Star Wars_ Legacy of the Force 01_ Betrayal - Aaron Allston [108]
Luke felt his lump return, but this time he knew it was caused by pride, not pain. “That’s it,” he said. “There never seems to be a right answer is a right answer.”
“Oh.”
“Watch out for people who tell you they know the right answer,” Mara added. “They may think they do, but often they’re wrong. Or they may just know that thinking is so hard, many people don’t want to do it. They want a leader they can trust…so they don’t have to do the hard work of thinking. That’s one type of leader you don’t want to follow.”
Ben opened his mouth as if to ask another question, then closed it again.
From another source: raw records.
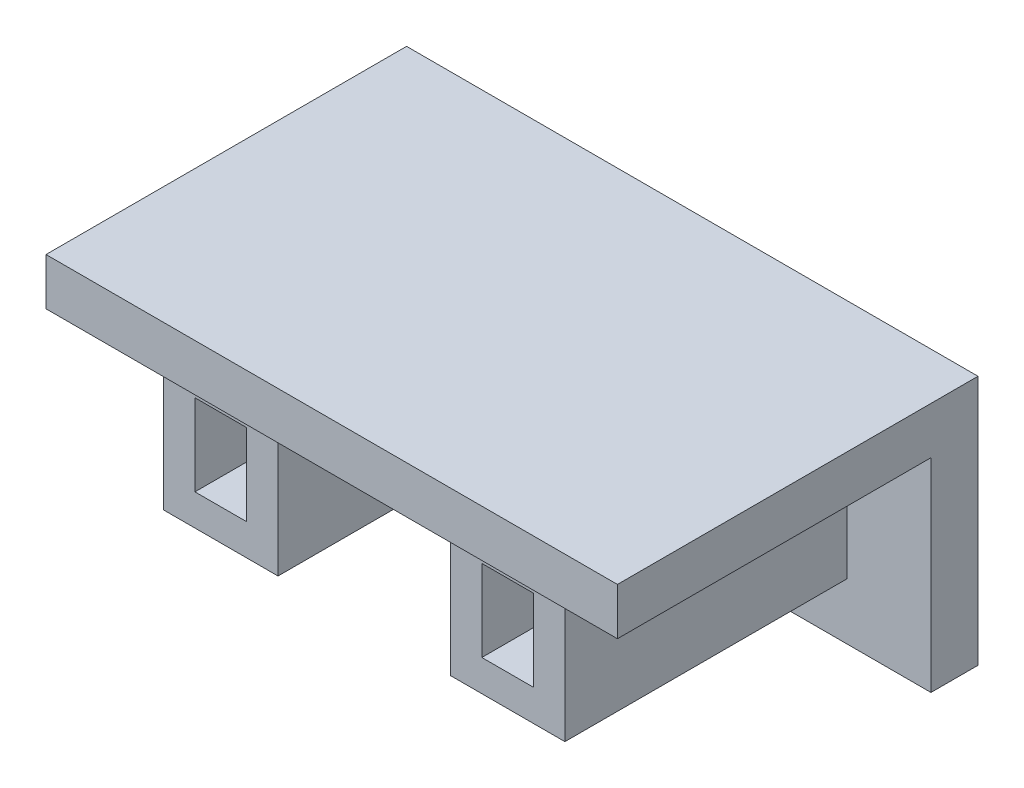
from build123d import *

# Parameters (mm, degrees)
SKETCH1_W              = 36.45
SKETCH1_H              = 25.4
BOSS_EXTRUDE1_DEPTH    = 3
CUT_EXTRUDE2_START     = -3
CUT_EXTRUDE2_OUTLINE_W = 3.3
CUT_EXTRUDE2_OUTLINE_H = 5.2
CUT_EXTRUDE2_DEPTH     = 3
SKETCH2_W              = 36.45
SKETCH2_H              = 3
BOSS_EXTRUDE3_DEPTH    = 20
SKETCH5_W              = 7.3
SKETCH5_H              = 9.361177697
SKETCH5_W_2            = 3.3
SKETCH5_H_2            = 5.2
BOSS_EXTRUDE4_DEPTH    = 18
SKETCH8_W              = 29.52669185
SKETCH8_H              = 10.957410593
CUT_EXTRUDE4_DEPTH     = 47.222944791


# Read off the part's stored shape, not the designer's step: Cut-Extrude2
with BuildPart() as part:
    # Sketch1 → Boss-Extrude1 (new body)
    with BuildSketch(Plane.XY):
        with Locations((15.565968828, -4.002039549)):
            Rectangle(SKETCH1_W, SKETCH1_H)
    extrude(amount=BOSS_EXTRUDE1_DEPTH)

    # Cut-Extrude2 outline → Cut-Extrude2 (cut)
    with BuildSketch(Plane.XY.offset(3).offset(CUT_EXTRUDE2_START)):
        with Locations((24.790968828, 0.936782754)):
            Rectangle(CUT_EXTRUDE2_OUTLINE_W, CUT_EXTRUDE2_OUTLINE_H)
        with Locations((6.490968828, 0.936782754)):
            Rectangle(CUT_EXTRUDE2_OUTLINE_W, CUT_EXTRUDE2_OUTLINE_H)
    extrude(amount=CUT_EXTRUDE2_DEPTH, mode=Mode.SUBTRACT)

    # Sketch2 → Boss-Extrude3 (add)
    with BuildSketch(Plane.XY.offset(3)):
        with Locations((15.565968828, 7.197960451)):
            Rectangle(SKETCH2_W, SKETCH2_H)
        with Locations((15.565968828, -15.202039549)):
            Rectangle(SKETCH2_W, SKETCH2_H)
    extrude(amount=BOSS_EXTRUDE3_DEPTH)

    # Sketch5 → Boss-Extrude4 (add)
    # profile 1 of 2: a face of its own
    with BuildSketch(Plane.XY.offset(3)):
        with Locations((6.490968828, 1.017371602)):
            Rectangle(SKETCH5_W, SKETCH5_H)
        with Locations((6.490968828, 0.936782754)):
            Rectangle(SKETCH5_W_2, SKETCH5_H_2, mode=Mode.SUBTRACT)
    # profile 2 of 2: a face of its own
    with BuildSketch(Plane.XY.offset(3)):
        with Locations((24.790968828, 1.017371602)):
            Rectangle(SKETCH5_W, SKETCH5_H)
        with Locations((24.790968828, 0.936782754)):
            Rectangle(SKETCH5_W_2, SKETCH5_H_2, mode=Mode.SUBTRACT)
    extrude(amount=BOSS_EXTRUDE4_DEPTH)

    # Sketch8 → Cut-Extrude4 (cut, through all)
    with BuildSketch(Plane(origin=(33.790968828, 0, 0), x_dir=(0, 0, -1), z_dir=(1, 0, 0))):
        with Locations((-9.750497468, -12.749552208)):
            Rectangle(SKETCH8_W, SKETCH8_H)
    extrude(amount=-CUT_EXTRUDE4_DEPTH, mode=Mode.SUBTRACT)


solid = part.part
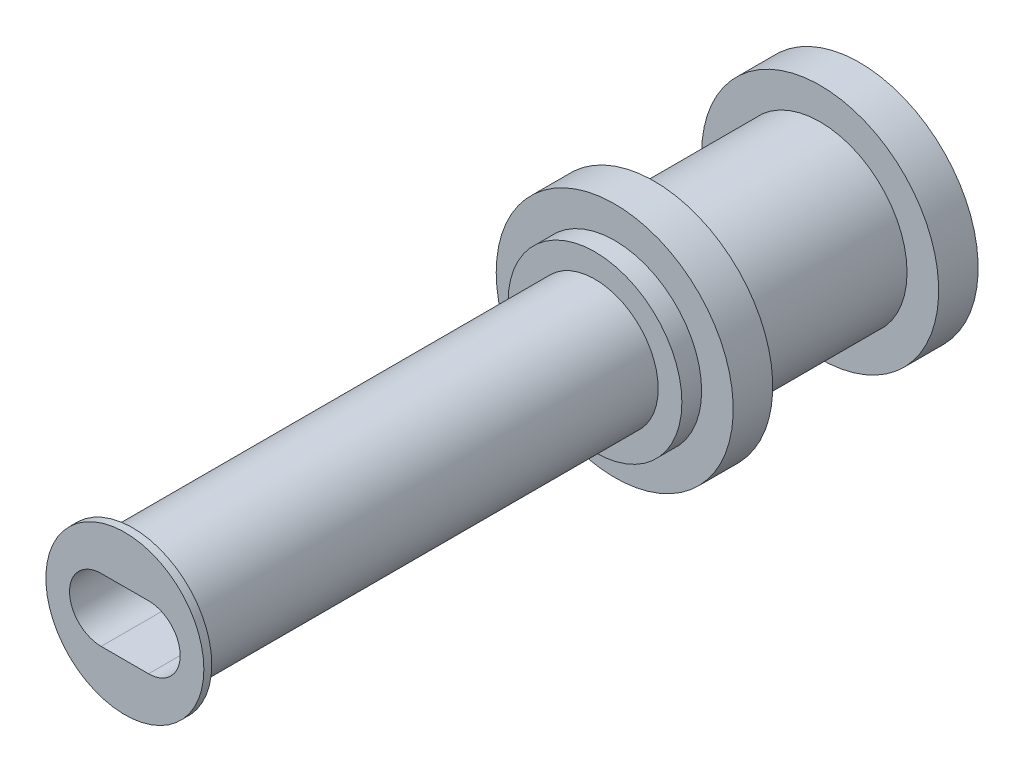
from build123d import *

# Parameters (mm, degrees)
SKETCH1_R           = 2.794
BOSS_EXTRUDE1_DEPTH = 3.937
SKETCH2_R           = 3.81
SKETCH2_R_2         = 2.794
BOSS_EXTRUDE2_DEPTH = 1.27
SKETCH3_R           = 2.794
BOSS_EXTRUDE3_DEPTH = 0.635
SKETCH4_R           = 2.032
BOSS_EXTRUDE4_DEPTH = 15.113
BOSS_EXTRUDE5_START = -0.254
SKETCH5_R           = 2.54
SKETCH5_R_2         = 2.032
BOSS_EXTRUDE5_DEPTH = 0.254
CUT_EXTRUDE1_DEPTH  = 15.24


with BuildPart() as part:
    # Sketch1 → Boss-Extrude1 (new body)
    with BuildSketch(Plane.XY):
        with Locations((7.874, 0)):
            Circle(SKETCH1_R)
        with BuildLine():
            Line((6.35, 0.762), (7.112, 0.762))
            Line((7.112, 0.762), (7.112, 1.524))
            ThreePointArc((7.112, 1.524), (7.874, 2.286), (8.636, 1.524))
            Line((8.636, 1.524), (8.636, 0.762))
            Line((8.636, 0.762), (9.398, 0.762))
            ThreePointArc((9.398, 0.762), (10.16, 0), (9.398, -0.762))
            Line((9.398, -0.762), (8.636, -0.762))
            Line((8.636, -0.762), (8.636, -1.524))
            ThreePointArc((8.636, -1.524), (7.874, -2.286), (7.112, -1.524))
            Line((7.112, -1.524), (7.112, -0.762))
            Line((7.112, -0.762), (6.35, -0.762))
            ThreePointArc((6.35, -0.762), (5.588, 0), (6.35, 0.762))
        make_face(mode=Mode.SUBTRACT)
    boss_extrude1 = extrude(amount=BOSS_EXTRUDE1_DEPTH)

    # Sketch2 → Boss-Extrude2 (add)
    with BuildSketch(Plane(origin=(0, 0, 0), x_dir=(-1, 0, 0), z_dir=(0, 0, -1))):
        with Locations((-7.874, 0)):
            Circle(SKETCH2_R)
        with Locations((-7.874, 0)):
            Circle(SKETCH2_R_2, mode=Mode.SUBTRACT)
    boss_extrude2 = extrude(amount=-BOSS_EXTRUDE2_DEPTH)

    # Mirror1: Boss-Extrude1, Boss-Extrude2 across plane
    add(boss_extrude1.mirror(Plane.XY.offset(3.937)))
    add(boss_extrude2.mirror(Plane.XY.offset(3.937)))

    # Sketch3 → Boss-Extrude3 (add)
    with BuildSketch(Plane.XY.offset(7.874)):
        with Locations((7.874, 0)):
            Circle(SKETCH3_R)
    extrude(amount=BOSS_EXTRUDE3_DEPTH)

    # Sketch4 → Boss-Extrude4 (add)
    with BuildSketch(Plane.XY.offset(8.509)):
        with Locations((7.874, 0)):
            Circle(SKETCH4_R)
    extrude(amount=BOSS_EXTRUDE4_DEPTH)

    # Sketch5 → Boss-Extrude5 (add)
    with BuildSketch(Plane.XY.offset(23.622).offset(BOSS_EXTRUDE5_START)):
        with Locations((7.874, 0)):
            Circle(SKETCH5_R)
        with Locations((7.874, 0)):
            Circle(SKETCH5_R_2, mode=Mode.SUBTRACT)
    extrude(amount=BOSS_EXTRUDE5_DEPTH)

    # Sketch6 → Cut-Extrude1 (cut)
    with BuildSketch(Plane.XY.offset(23.622)):
        with BuildLine():
            Line((8.636, -1.016), (7.112, -1.016))
            ThreePointArc((7.112, -1.016), (6.096, 0), (7.112, 1.016))
            Line((7.112, 1.016), (8.636, 1.016))
            ThreePointArc((8.636, 1.016), (9.652, 0), (8.636, -1.016))
        make_face()
    extrude(amount=-CUT_EXTRUDE1_DEPTH, mode=Mode.SUBTRACT)


solid = part.part
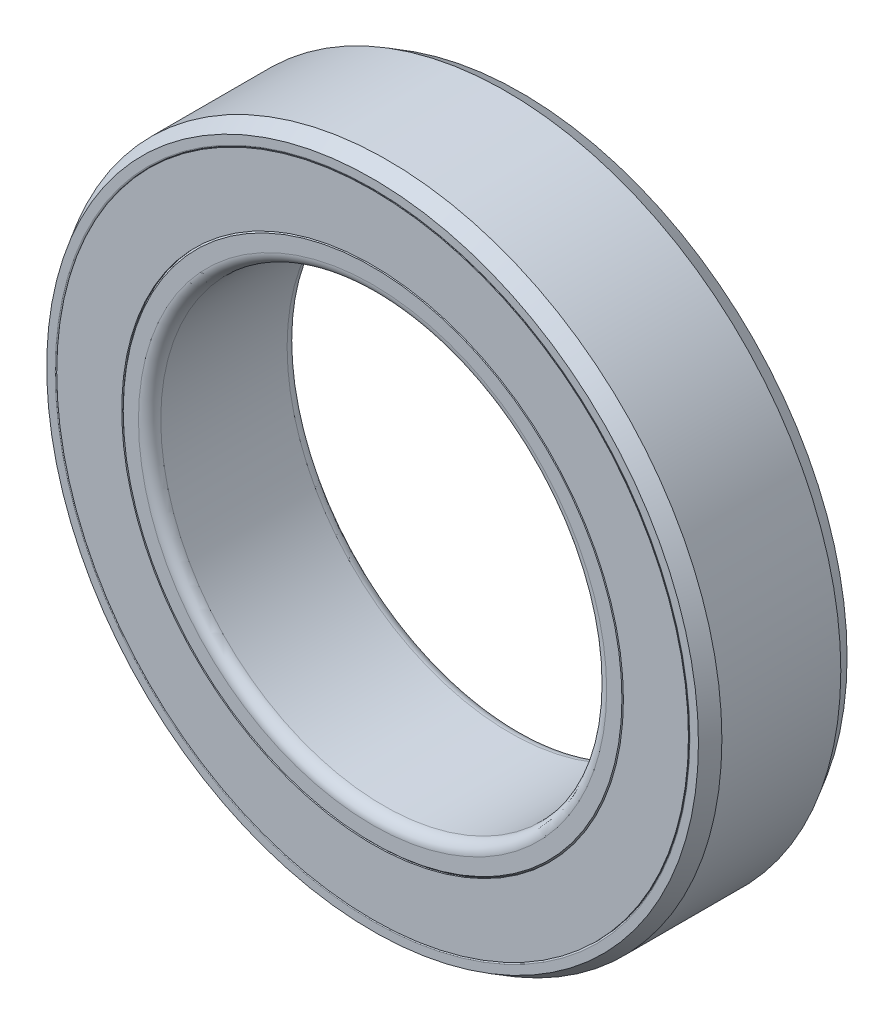
from build123d import *

# Parameters (mm, degrees)
SKETCH4_W         = 0.59375
SKETCH4_H         = 1.75
CIRPATTERN1_COUNT = 7


with BuildPart() as part:
    # Sketch3 → Revolve1 (revolve)
    with BuildSketch(Plane(origin=(0, 0, 0), x_dir=(0, 0, -1), z_dir=(1, 0, 0))):
        with BuildLine():
            Line((-1.6, -9), (1.6, -9))
            Line((1.6, -9), (2, -8.769059892))
            Line((2, -8.769059892), (2, -8.54))
            ThreePointArc((2, -8.54), (1.988284271, -8.511715729), (1.96, -8.5))
            Line((1.96, -8.5), (0.833333333, -8.5))
            ThreePointArc((0.833333333, -8.5), (0, -8.833333333), (-0.833333333, -8.5))
            Line((-0.833333333, -8.5), (-1.96, -8.5))
            ThreePointArc((-1.96, -8.5), (-1.988284271, -8.511715729), (-2, -8.54))
            Line((-2, -8.54), (-2, -8.769059892))
            Line((-2, -8.769059892), (-1.6, -9))
        make_face()
        with BuildLine():
            Line((-1.7, -6), (1.7, -6))
            ThreePointArc((1.7, -6), (1.912132034, -6.087867966), (2, -6.3))
            Line((2, -6.3), (2, -6.71))
            Line((2, -6.71), (1.96, -6.75))
            Line((1.96, -6.75), (0.833333333, -6.75))
            ThreePointArc((0.833333333, -6.75), (0, -6.416666667), (-0.833333333, -6.75))
            Line((-0.833333333, -6.75), (-1.96, -6.75))
            Line((-1.96, -6.75), (-2, -6.71))
            Line((-2, -6.71), (-2, -6.3))
            ThreePointArc((-2, -6.3), (-1.912132034, -6.087867966), (-1.7, -6))
        make_face()
    revolve(axis=Axis((0, 0, 2), (0, 0, -1)))


with BuildPart() as body_2:
    # Sketch4 → Revolve2 (revolve)
    with BuildSketch(Plane(origin=(0, 0, 0), x_dir=(0, 0, -1), z_dir=(1, 0, 0))):
        with Locations((-1.703125, -7.625)):
            Rectangle(SKETCH4_W, SKETCH4_H)
    revolve(axis=Axis((0, 0, 2), (0, 0, -1)))


with BuildPart() as body_3:
    # Sketch5 → Revolve3 (revolve)
    with BuildSketch(Plane(origin=(0, 0, 0), x_dir=(0, 0, -1), z_dir=(1, 0, 0))):
        with BuildLine():
            Line((0, -6.416666667), (0, -8.833333333))
            ThreePointArc((0, -8.833333333), (-1.208333333, -7.625), (0, -6.416666667))
        make_face()
    revolve(axis=Axis((0, 0, 0), (0, -1, 0)))


with BuildPart() as cirpattern1_1:
    # CirPattern1: pattern copy
    add(body_3.part.rotate(Axis((0, 0, 2), (0, 0, -1)), 1 * 360 / CIRPATTERN1_COUNT))


with BuildPart() as cirpattern1_2:
    # CirPattern1: pattern copy
    add(body_3.part.rotate(Axis((0, 0, 2), (0, 0, -1)), 2 * 360 / CIRPATTERN1_COUNT))


with BuildPart() as cirpattern1_3:
    # CirPattern1: pattern copy
    add(body_3.part.rotate(Axis((0, 0, 2), (0, 0, -1)), 3 * 360 / CIRPATTERN1_COUNT))


with BuildPart() as cirpattern1_4:
    # CirPattern1: pattern copy
    add(body_3.part.rotate(Axis((0, 0, 2), (0, 0, -1)), 4 * 360 / CIRPATTERN1_COUNT))


with BuildPart() as cirpattern1_5:
    # CirPattern1: pattern copy
    add(body_3.part.rotate(Axis((0, 0, 2), (0, 0, -1)), 5 * 360 / CIRPATTERN1_COUNT))


with BuildPart() as cirpattern1_6:
    # CirPattern1: pattern copy
    add(body_3.part.rotate(Axis((0, 0, 2), (0, 0, -1)), 6 * 360 / CIRPATTERN1_COUNT))


solid = Compound([part.part, body_2.part, body_3.part, cirpattern1_1.part, cirpattern1_2.part, cirpattern1_3.part, cirpattern1_4.part, cirpattern1_5.part, cirpattern1_6.part])
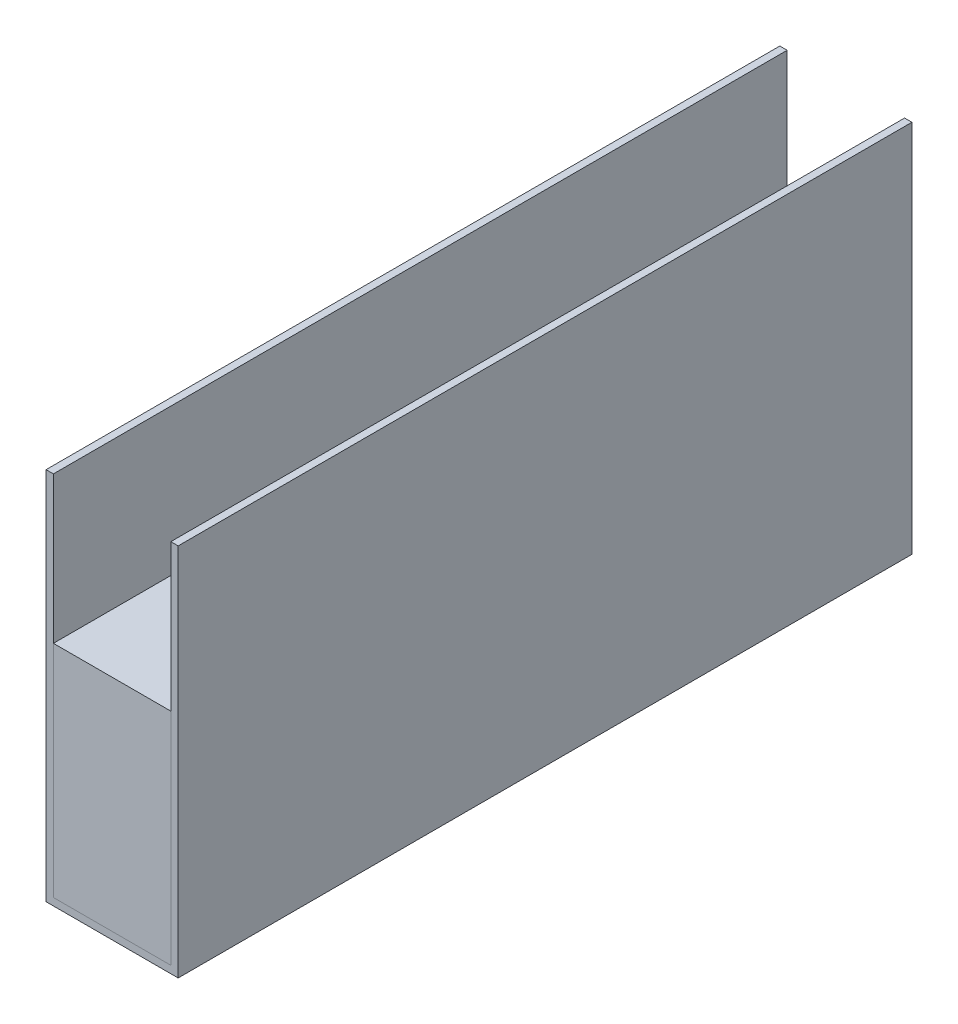
from build123d import *

# Parameters (mm, degrees)
BOSS_EXTRUDE1_DEPTH = 500
SKETCH1_4_W         = 80
SKETCH1_4_H         = 150
BOSS_EXTRUDE3_DEPTH = 500


with BuildPart() as part:
    # Sketch1 → Boss-Extrude1 (new body)
    with BuildSketch(Plane.XY):
        Polygon((45, 125), (45, -130), (-45, -130), (-45, 125), (-40, 125), (-40, -125), (40, -125), (40, 125), align=None)
    extrude(amount=BOSS_EXTRUDE1_DEPTH)


with BuildPart() as body_2:
    # Sketch1<4> → Boss-Extrude3 (new body)
    with BuildSketch(Plane.XY):
        with Locations((0, -50)):
            Rectangle(SKETCH1_4_W, SKETCH1_4_H)
    extrude(amount=BOSS_EXTRUDE3_DEPTH)


solid = Compound([part.part, body_2.part])

“You’re right,” Luke said. “If you asked whether you should tell Han and Leia about the Anakin Solo droid, we’d just have to say we don’t know.”
Ben looked up at him. “Sometimes you hate being a Jedi, don’t you?”
Luke thought about it, then nodded. “Occasionally.”
“Me, too.”
Within an hour, all members of the three parties had departed—all but Jaina, Zekk, Jacen, and Ben, who waited behind to begin their investigations from this habitat. They waved at the departing corvettes and transports from the viewport in what had been Han and Leia’s suite.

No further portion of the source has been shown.